Russia, which supplied about 40% of the European Union’s gas before the February invasion of Ukraine, has said it closed the pipeline because Western sanctions hampered operations. European politicians say this is a pretext and accuse Moscow of using energy as a weapon.

European gas prices have more than doubled since the beginning of the year due to a fall in Russian stocks.

While Russian gas flows to Europe via Ukraine have declined sharply, they have continued.

But the sharp decline in Russian fuel exports, in retaliation for Western sanctions following Moscow’s invasion of Moscow, has left governments struggling to find energy sources, as well as to warn that power outages could happen for fear of a recession.

Germany’s economy is already shrinking and is likely to worsen during the winter months if gas consumption is reduced or rationed, the country’s central bank said Monday. It added that the economy would likely contract even if outright rationing is avoided as companies reduce or halt production.

In France, natural gas exports to Germany could begin around October 10, the head of France’s CRE energy regulator said, following an announcement by President Emmanuel Macron that the two EU neighbors would help each other with electricity and gas flows during the crisis.

“Gas (until now) only flowed from Germany to France, so we didn’t have the technical tools to reverse the flows and we didn’t even have a method to regulate prices,” CRE chief Emmanuelle Wargon told franceinfo radio .


While French energy group EDF is in a rush to repair corrosion-stricken nuclear reactors, “exceptional” measures could include local power cuts this winter if winter is cold and EDF’s plans are delayed, Wargon said. read more

“But there will be no gas cuts for households.
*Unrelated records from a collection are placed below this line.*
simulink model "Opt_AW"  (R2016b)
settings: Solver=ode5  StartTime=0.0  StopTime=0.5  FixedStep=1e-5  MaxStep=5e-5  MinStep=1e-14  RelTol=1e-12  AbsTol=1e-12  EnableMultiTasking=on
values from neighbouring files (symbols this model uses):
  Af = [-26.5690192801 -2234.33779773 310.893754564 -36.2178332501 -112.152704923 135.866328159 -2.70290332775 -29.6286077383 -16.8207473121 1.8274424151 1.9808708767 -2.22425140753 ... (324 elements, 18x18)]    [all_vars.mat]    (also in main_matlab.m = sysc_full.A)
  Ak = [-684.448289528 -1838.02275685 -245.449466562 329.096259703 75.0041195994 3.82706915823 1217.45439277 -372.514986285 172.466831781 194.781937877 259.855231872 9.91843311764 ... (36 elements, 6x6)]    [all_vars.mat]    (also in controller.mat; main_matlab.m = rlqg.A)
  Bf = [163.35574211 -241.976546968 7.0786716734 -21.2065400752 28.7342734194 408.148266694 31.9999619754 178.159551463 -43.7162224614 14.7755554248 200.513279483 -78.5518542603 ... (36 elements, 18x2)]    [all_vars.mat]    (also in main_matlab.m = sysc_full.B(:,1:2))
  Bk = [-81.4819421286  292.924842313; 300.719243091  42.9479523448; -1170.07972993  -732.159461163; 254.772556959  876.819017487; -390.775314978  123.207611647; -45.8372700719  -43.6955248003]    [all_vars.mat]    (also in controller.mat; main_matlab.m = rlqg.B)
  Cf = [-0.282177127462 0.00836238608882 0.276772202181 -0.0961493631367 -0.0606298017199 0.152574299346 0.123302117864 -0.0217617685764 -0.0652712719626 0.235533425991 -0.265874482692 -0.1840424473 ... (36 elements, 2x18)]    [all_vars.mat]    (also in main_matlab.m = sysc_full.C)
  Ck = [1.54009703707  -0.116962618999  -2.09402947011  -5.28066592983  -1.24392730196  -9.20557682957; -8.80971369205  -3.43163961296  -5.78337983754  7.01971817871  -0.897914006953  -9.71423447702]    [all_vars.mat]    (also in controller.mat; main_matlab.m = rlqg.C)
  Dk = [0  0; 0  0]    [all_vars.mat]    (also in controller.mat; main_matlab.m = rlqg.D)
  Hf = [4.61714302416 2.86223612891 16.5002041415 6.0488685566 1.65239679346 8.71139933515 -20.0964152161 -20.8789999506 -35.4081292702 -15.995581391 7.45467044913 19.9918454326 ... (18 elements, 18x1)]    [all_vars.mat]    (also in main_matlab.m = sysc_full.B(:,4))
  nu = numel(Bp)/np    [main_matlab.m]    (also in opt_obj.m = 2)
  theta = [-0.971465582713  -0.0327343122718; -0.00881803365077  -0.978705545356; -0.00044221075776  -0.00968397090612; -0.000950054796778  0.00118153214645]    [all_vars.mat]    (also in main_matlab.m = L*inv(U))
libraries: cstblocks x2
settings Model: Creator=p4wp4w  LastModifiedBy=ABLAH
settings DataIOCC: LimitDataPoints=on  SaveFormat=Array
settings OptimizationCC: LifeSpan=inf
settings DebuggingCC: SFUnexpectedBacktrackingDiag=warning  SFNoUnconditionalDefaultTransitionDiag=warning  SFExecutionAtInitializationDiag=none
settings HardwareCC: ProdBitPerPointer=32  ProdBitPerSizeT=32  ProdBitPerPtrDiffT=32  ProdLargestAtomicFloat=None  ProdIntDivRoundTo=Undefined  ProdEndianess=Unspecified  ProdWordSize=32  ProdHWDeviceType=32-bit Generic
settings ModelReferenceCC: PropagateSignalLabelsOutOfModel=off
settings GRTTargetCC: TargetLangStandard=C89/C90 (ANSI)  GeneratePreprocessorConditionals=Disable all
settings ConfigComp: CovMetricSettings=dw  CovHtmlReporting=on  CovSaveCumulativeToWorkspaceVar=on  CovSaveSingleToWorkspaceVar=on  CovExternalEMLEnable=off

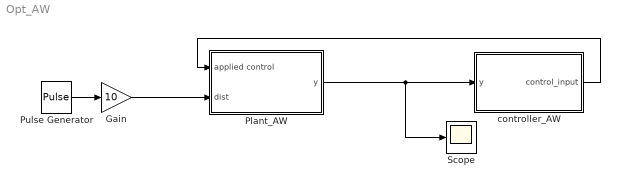
== system Opt_AW ==
  Gain : Gain  Gain=10
  Plant_AW : Subsystem
  Pulse Generator : DiscretePulseGenerator  PulseType=Time based  Period=0.5  PulseWidth=10
  Scope : Scope
  controller_AW : Subsystem
  wires:
  Plant_AW/1(y) -> Scope/1, controller_AW/1(y)
  controller_AW/1("control_input ") -> Plant_AW/1(applied control)
  Pulse Generator/1 -> Gain/1
  Gain/1 -> Plant_AW/2(dist)

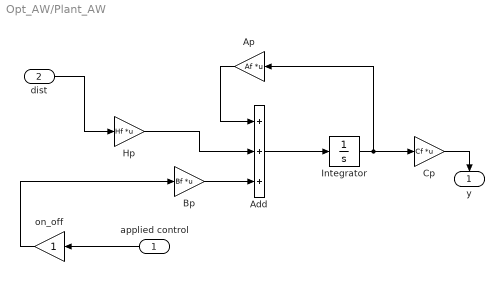
== system Opt_AW/Plant_AW ==
  applied control : Inport
  dist : Inport  Port=2
  Add : Sum  Inputs=+++
  Ap : Gain  Gain=Af  Multiplication=Matrix(K*u)
  Bp : Gain  Gain=Bf  Multiplication=Matrix(K*u)
  Cp : Gain  Gain=Cf  Multiplication=Matrix(K*u)
  Hp : Gain  Gain=Hf  Multiplication=Matrix(K*u)
  Integrator : Integrator
  on_off : Gain
  y : Outport
  wires:
  Add/1 -> Integrator/1
  Cp/1 -> y/1
  Hp/1 -> Add/2
  on_off/1 -> Bp/1
  Integrator/1 -> Cp/1, Ap/1
  Ap/1 -> Add/1
  Bp/1 -> Add/3
  dist/1 -> Hp/1
  applied control/1 -> on_off/1

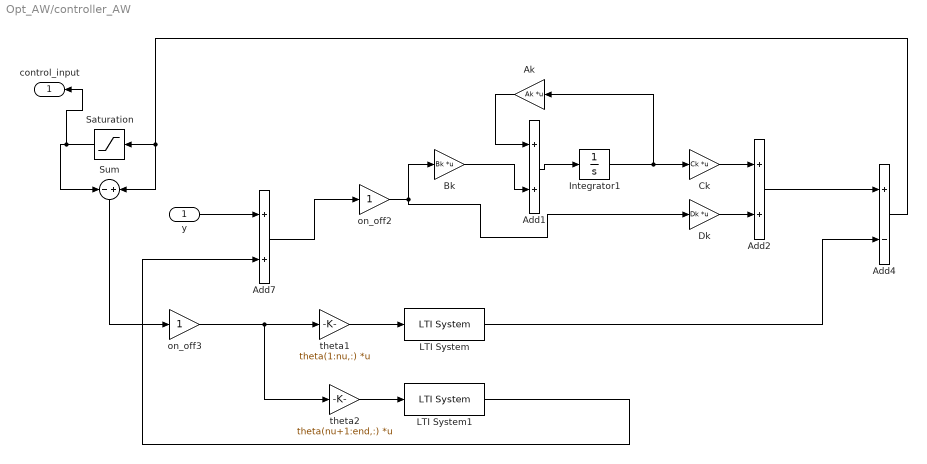
== system Opt_AW/controller_AW ==
  y : Inport
  Add1 : Sum
  Add2 : Sum
  Add4 : Sum  Inputs=+-
  Add7 : Sum
  Ak : Gain  Gain=Ak  Multiplication=Matrix(K*u)
  Bk : Gain  Gain=Bk  Multiplication=Matrix(K*u)
  Ck : Gain  Gain=Ck  Multiplication=Matrix(K*u)
  Dk : Gain  Gain=Dk  Multiplication=Matrix(K*u)
  Integrator1 : Integrator
  LTI System : cstblocks/LTI System  sys=F1  IC=[]
  LTI System1 : cstblocks/LTI System  sys=F2  IC=[]
  Saturation : Saturate  UpperLimit=2  LowerLimit=-2
  Sum : Sum  Inputs=-|+
  on_off2 : Gain
  on_off3 : Gain
  theta1 : Gain  Gain=theta(1:nu,:)  Multiplication=Matrix(K*u)
  theta2 : Gain  Gain=theta(nu+1:end,:)  Multiplication=Matrix(K*u)
  "control_input " : Outport
  wires:
  Ck/1 -> Add2/1
  Add1/1 -> Integrator1/1
  Ak/1 -> Add1/1
  Bk/1 -> Add1/2
  Integrator1/1 -> Ck/1, Ak/1
  Dk/1 -> Add2/2
  on_off2/1 -> Dk/1, Bk/1
  Add2/1 -> Add4/1
  y/1 -> Add7/1
  Add7/1 -> on_off2/1
  LTI System/1 -> Add4/2
  LTI System1/1 -> Add7/2
  theta1/1 -> LTI System/1
  theta2/1 -> LTI System1/1
  on_off3/1 -> theta1/1, theta2/1
  Add4/1 -> Sum/2, Saturation/1
  Saturation/1 -> "control_input "/1, Sum/1
  Sum/1 -> on_off3/1

Never,” she said.

Spain’s Industry Minister Reyes Maroto said requiring energy-intensive businesses to close during consumption peaks this winter is an option on the table if necessary.

The companies would be financially compensated, she said in an interview with Spain’s Europa Press news agency, adding that there is now no need to impose such closures.

And Finns were warned to be prepared for power outages. read more

“Due to major uncertainties, Finns must be prepared for power outages due to a possible power shortage in the coming winter,” says national grid operator Fingrid.

Reflecting the disruptions caused across the continent, Finnish energy supplier Karhu Voima Oy said it had filed for bankruptcy due to a surge in electricity price increases.


European thermal coal imports in 2022 could be the highest in at least four years and could rise further next year, analysts said Monday, highlighting the magnitude of the energy crisis following sanctions against top supplier Russia.

According to Noble Resources International Pte Ltd, European thermal coal imports could rise to around 100 million tonnes this year, the highest since 2017, while the commodity price agency Argus expects shipments to reach a four-year high.

“Europe is going back in time,” Rodrigo Echeverri, head of research at Noble, told a conference.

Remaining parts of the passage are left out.